Master thesis "Uncovering Fingerprinting Networks. An Analysis of In-Browser Tracking using a Behavior-based Approach"
This repository contains the master thesis written by Sebastian Neef at the chair of "Security in Telecommunication" at the Technische Universität Berlin in 2021. The thesis was supervised by Jean-Pierre Seifert and assistant supervisor Julian Fietkau.
Furthermore, this repository includes the fingerprinting networks scanner "FPNET" and the related analysis tools.
Throughout recent years, the importance of internet-privacy has continuously risen. The General Data Protection Regulation by the European Union fundamentally changed digital data processing by requiring explicit consent for processing personally identifiable information. In combination with the cookie law, users can opt-out of being profiled by advertisers or other entities. Browser fingerprinting is a technique that does not require cookies or persistent identifiers. It derives a sufficiently unique identifier from the various browser or device properties.
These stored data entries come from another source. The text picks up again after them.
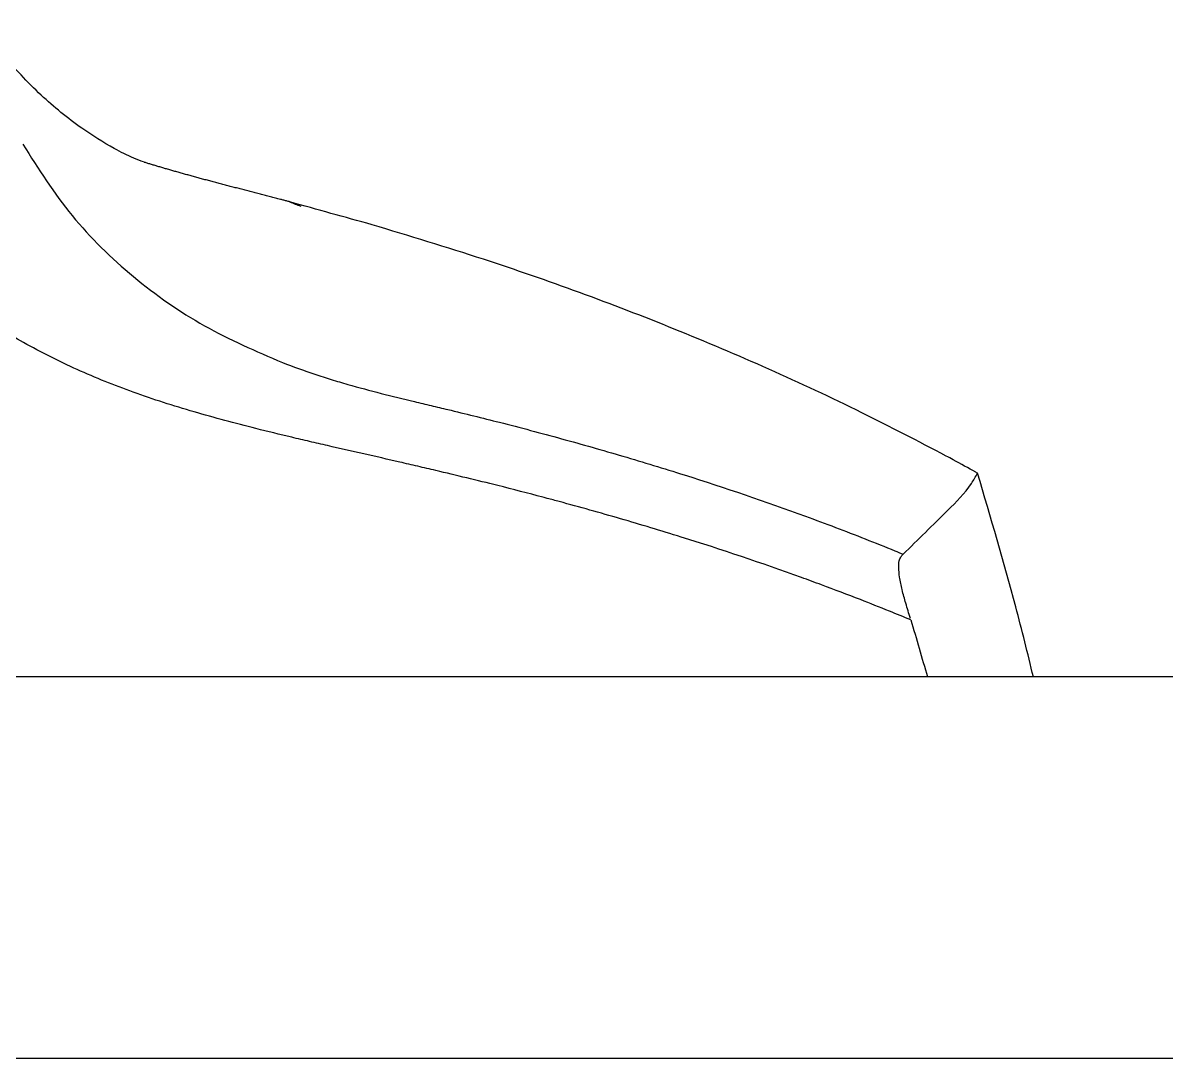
# Model space of a CAD drawing. Header units: millimetres. Extents: x 555 to 100215, y 750 to 17024.
# Drawn here: x 21174.17 to 21219.12, y 7027.14 to 7067.86 of the extents above; entities that cross this region are included whole.
import ezdxf

# ---------------------------------------------------------------- set-up
doc = ezdxf.new("R2010")
doc.units = ezdxf.units.MM
doc.layers.add('ELE', color=7, linetype='Continuous')

# ---------------------------------------------------------------- blocks, each defined once
blk = doc.blocks.new('zw$606B')
at = {"layer": 'ELE', "color": 6}
for p, q in [((488.015, 791.842, 0), (730.164, 791.842, 0)), ((1435.327, 776.842, 0), (25, 776.842, 0))]:
    blk.add_line(p, q, dxfattribs=at)
at = {"layer": 'ELE', "color": 8}
for points, knots in [([(696.29, 812.098, 0), (696.416, 812.146, 0), (696.811, 812.296, 0), (697.634, 812.718, 0), (698.888, 813.499, 0), (700.387, 814.734, 0), (701.713, 816.146, 0), (702.425, 817.165, 0), (702.707, 817.57, 0)], [0, 0, 0, 0, 0.405968, 1.266534, 2.767506, 4.830915, 7.074651, 8.555226, 8.555226, 8.555226, 8.555226]), ([(690.838, 810.607, 0), (690.86, 810.613, 0), (690.948, 810.636, 0), (691.102, 810.676, 0), (691.3, 810.728, 0), (691.498, 810.779, 0), (691.696, 810.83, 0), (691.895, 810.882, 0), (692.093, 810.933, 0), (692.29, 810.984, 0), (692.486, 811.035, 0), (692.682, 811.086, 0), (692.877, 811.136, 0), (693.07, 811.187, 0), (693.262, 811.237, 0), (693.452, 811.288, 0), (693.64, 811.338, 0), (693.826, 811.388, 0), (694.01, 811.437, 0), (694.192, 811.487, 0), (694.371, 811.536, 0), (694.547, 811.585, 0), (694.72, 811.633, 0), (694.89, 811.681, 0), (695.057, 811.728, 0), (695.22, 811.775, 0), (695.379, 811.821, 0), (695.535, 811.867, 0), (695.686, 811.911, 0), (695.833, 811.955, 0), (695.975, 811.998, 0), (696.112, 812.04, 0), (696.213, 812.071, 0), (696.269, 812.089, 0), (696.281, 812.092, 0)], [0, 0, 0, 0, 0.068052, 0.272532, 0.477351, 0.682335, 0.887306, 1.092086, 1.296494, 1.500348, 1.703468, 1.90567, 2.106772, 2.306587, 2.504931, 2.701618, 2.896465, 3.089287, 3.279896, 3.468107, 3.653733, 3.836595, 4.016507, 4.193255, 4.366629, 4.536419, 4.70242, 4.86444, 5.022384, 5.175819, 5.324316, 5.467498, 5.604898, 5.642978, 5.642978, 5.642978, 5.642978]), ([(690.568, 810.537, 0), (690.614, 810.549, 0), (690.682, 810.567, 0), (690.75, 810.584, 0), (690.772, 810.59, 0)], [0, 0, 0, 0, 0.1427788, 0.2106972, 0.2106972, 0.2106972, 0.2106972]), ([(664.734, 800.529, 0), (665.834, 801.105, 0), (668.127, 802.306, 0), (671.696, 803.966, 0), (676.627, 806.058, 0), (681.829, 807.972, 0), (685.842, 809.185, 0), (687.306, 809.627, 0)], [0, 0, 0, 0, 3.722137, 7.766633, 11.802887, 19.790196, 24.378878, 24.378878, 24.378878, 24.378878]), ([(691.871, 801.609, 0), (692.684, 801.82, 0), (694.307, 802.243, 0), (696.659, 802.999, 0), (698.907, 803.896, 0), (700.983, 804.946, 0), (702.922, 806.131, 0), (704.081, 807.053, 0), (704.657, 807.511, 0)], [0, 0, 0, 0, 2.520752, 5.029099, 7.408229, 9.771462, 12.002623, 14.210123, 14.210123, 14.210123, 14.210123]), ([(684.798, 799.959, 0), (685.034, 800.014, 0), (685.507, 800.126, 0), (686.452, 800.344, 0), (687.634, 800.614, 0), (688.815, 800.883, 0), (689.758, 801.1, 0), (690.699, 801.32, 0), (691.403, 801.493, 0), (691.871, 801.609, 0)], [0, 0, 0, 0, 0.727678, 1.455411, 2.910633, 4.364257, 5.090106, 5.8152, 7.262985, 7.262985, 7.262985, 7.262985]), ([(663.503, 799.855, 0), (663.526, 799.868, 0), (663.842, 800.043, 0), (664.252, 800.269, 0), (664.641, 800.479, 0), (664.734, 800.529, 0)], [0, 0, 0, 0, 0.078862, 1.086402, 1.404122, 1.404122, 1.404122, 1.404122]), ([(661.307, 791.842, 0), (661.525, 792.765, 0), (662.2, 795.45, 0), (662.985, 798.105, 0), (663.5, 799.85, 0)], [7.139647, 7.139647, 7.139647, 7.139647, 9.983656, 15.44282, 15.44282, 15.44282, 15.44282]), ([(680.585, 798.908, 0), (681.178, 799.063, 0), (682.579, 799.429, 0), (683.987, 799.765, 0), (684.799, 799.958, 0)], [0, 0, 0, 0, 1.838708, 4.342514, 4.342514, 4.342514, 4.342514]), ([(670.032, 795.607, 0), (670.164, 795.656, 0), (671.856, 796.274, 0), (674.355, 797.11, 0), (677.539, 798.069, 0), (679.3, 798.563, 0), (680.262, 798.821, 0), (680.421, 798.864, 0)], [0, 0, 0, 0, 0.420954, 5.405071, 7.901127, 10.397, 10.890675, 10.890675, 10.890675, 10.890675]), ([(666.125, 794.084, 0), (666.404, 794.197, 0), (667.063, 794.466, 0), (668.229, 794.931, 0), (669.123, 795.268, 0), (669.631, 795.459, 0)], [0, 0, 0, 0, 0.902404, 2.136421, 3.766641, 3.766641, 3.766641, 3.766641])]:
    blk.add_open_spline(points, degree=3, knots=knots, dxfattribs=at)
at = {"layer": 'ELE', "color": 252}
for points, knots in [([(701.032, 812.792, 0), (700.421, 811.829, 0), (699.2, 809.907, 0), (696.741, 807.52, 0), (693.949, 805.554, 0), (691.869, 804.654, 0), (690.83, 804.205, 0)], [0, 0, 0, 0, 3.409485, 6.81025, 10.203981, 13.593378, 13.593378, 13.593378, 13.593378]), ([(690.83, 804.205, 0), (690.406, 804.048, 0), (689.771, 803.812, 0), (688.909, 803.539, 0), (688.044, 803.282, 0), (686.955, 802.989, 0), (685.86, 802.722, 0), (684.983, 802.515, 0), (684.545, 802.41, 0), (684.326, 802.358, 0)], [0, 0, 0, 0, 1.355646, 2.033229, 2.710532, 4.064066, 5.416096, 6.091652, 6.766818, 6.766818, 6.766818, 6.766818]), ([(684.326, 802.358, 0), (683.647, 802.193, 0), (682.154, 801.828, 0), (679.858, 801.219, 0), (677.437, 800.53, 0), (674.227, 799.551, 0), (671.049, 798.47, 0), (668.306, 797.428, 0), (667.031, 796.916, 0), (666.535, 796.711, 0), (666.425, 796.666, 0)], [0, 0, 0, 0, 2.09436, 4.612556, 7.126277, 9.64315, 14.68099, 17.19328, 18.445816, 18.802974, 18.802974, 18.802974, 18.802974]), ([(666.424, 796.666, 0), (665.843, 797.238, 0), (664.927, 798.14, 0), (663.89, 799.169, 0), (663.578, 799.714, 0), (663.5, 799.85, 0)], [0, 0, 0, 0, 2.454208, 3.867085, 4.3353, 4.3353, 4.3353, 4.3353]), ([(666.143, 794.143, 0), (666.203, 794.34, 0), (666.318, 794.715, 0), (666.467, 795.254, 0), (666.563, 795.727, 0), (666.608, 796.106, 0), (666.594, 796.378, 0), (666.528, 796.559, 0), (666.456, 796.633, 0), (666.425, 796.666, 0)], [0, 0, 0, 0, 0.618008, 1.175786, 1.678579, 2.063891, 2.31831, 2.490882, 2.625499, 2.625499, 2.625499, 2.625499])]:
    blk.add_open_spline(points, degree=3, knots=knots, dxfattribs=at)
at = {"layer": 'ELE', "color": 8}
for points in [[(687.306, 809.627, 0), (688.383, 809.926, 0), (689.46, 810.225, 0), (690.536, 810.524, 0)], [(690.536, 810.523, 0), (690.394, 810.47, 0), (690.253, 810.416, 0), (690.111, 810.363, 0)], [(690.535, 810.528, 0), (690.546, 810.531, 0), (690.557, 810.534, 0), (690.568, 810.537, 0)], [(690.536, 810.524, 0), (690.547, 810.527, 0), (690.558, 810.529, 0), (690.569, 810.532, 0)], [(690.772, 810.59, 0), (690.794, 810.596, 0), (690.816, 810.602, 0), (690.838, 810.607, 0)], [(680.421, 798.864, 0), (680.476, 798.879, 0), (680.531, 798.893, 0), (680.585, 798.908, 0)], [(669.631, 795.459, 0), (669.765, 795.509, 0), (669.899, 795.558, 0), (670.032, 795.607, 0)]]:
    blk.add_open_spline(points, degree=3, dxfattribs=at)
at = {"layer": 'ELE', "color": 252}
blk.add_open_spline([(666.125, 794.084, 0), (665.904, 793.338, 0), (665.684, 792.591, 0), (665.472, 791.842, 0)], degree=3, dxfattribs=at)

msp = doc.modelspace()

# ---------------------------------------------------------------- block references
at = {"xscale": -1}
msp.add_blockref('zw$606B', (21875.202, 6250.294, 0), dxfattribs=at)

doc.saveas('drawing.dxf')

Academic work has covered offensive and defensive fingerprinting methods for almost a decade, observing a rise in popularity.
This thesis explores the current state of browser fingerprinting on the internet. For that, we implement FPNET~- a scalable & reliable tool based on FPMON, to identify fingerprinting scripts on large sets of websites by observing their behavior. By scanning the Alexa Top 10,000 websites, we spot several hundred networks of equally behaving scripts. For each network, we determine the actor behind it. We track down companies like Google, Yandex, Maxmind, Sift, or FingerprintJS, to name a few.
In three complementary studies, we further investigate the uncovered networks with regards to I) randomization of filenames or domains, II) behavior changes, III) security. Two consecutive scans reveal that only less than 12.5% of the pages do not change script files. With our behavior-based approach, we successfully re-identify almost 9,000 scripts whose filename or domain changed, and over 86% of the scripts without URL changes. The security analysis shows an adoption of TLS/SSL to over 98% and specific web security headers set for over 30% of the scripts.
Finally, we voice concerns about the unavoidability of modern fingerprinting and its implications for internet users' privacy since we believe that many users are unaware of being fingerprinted or have insufficient possibilities to protect against it.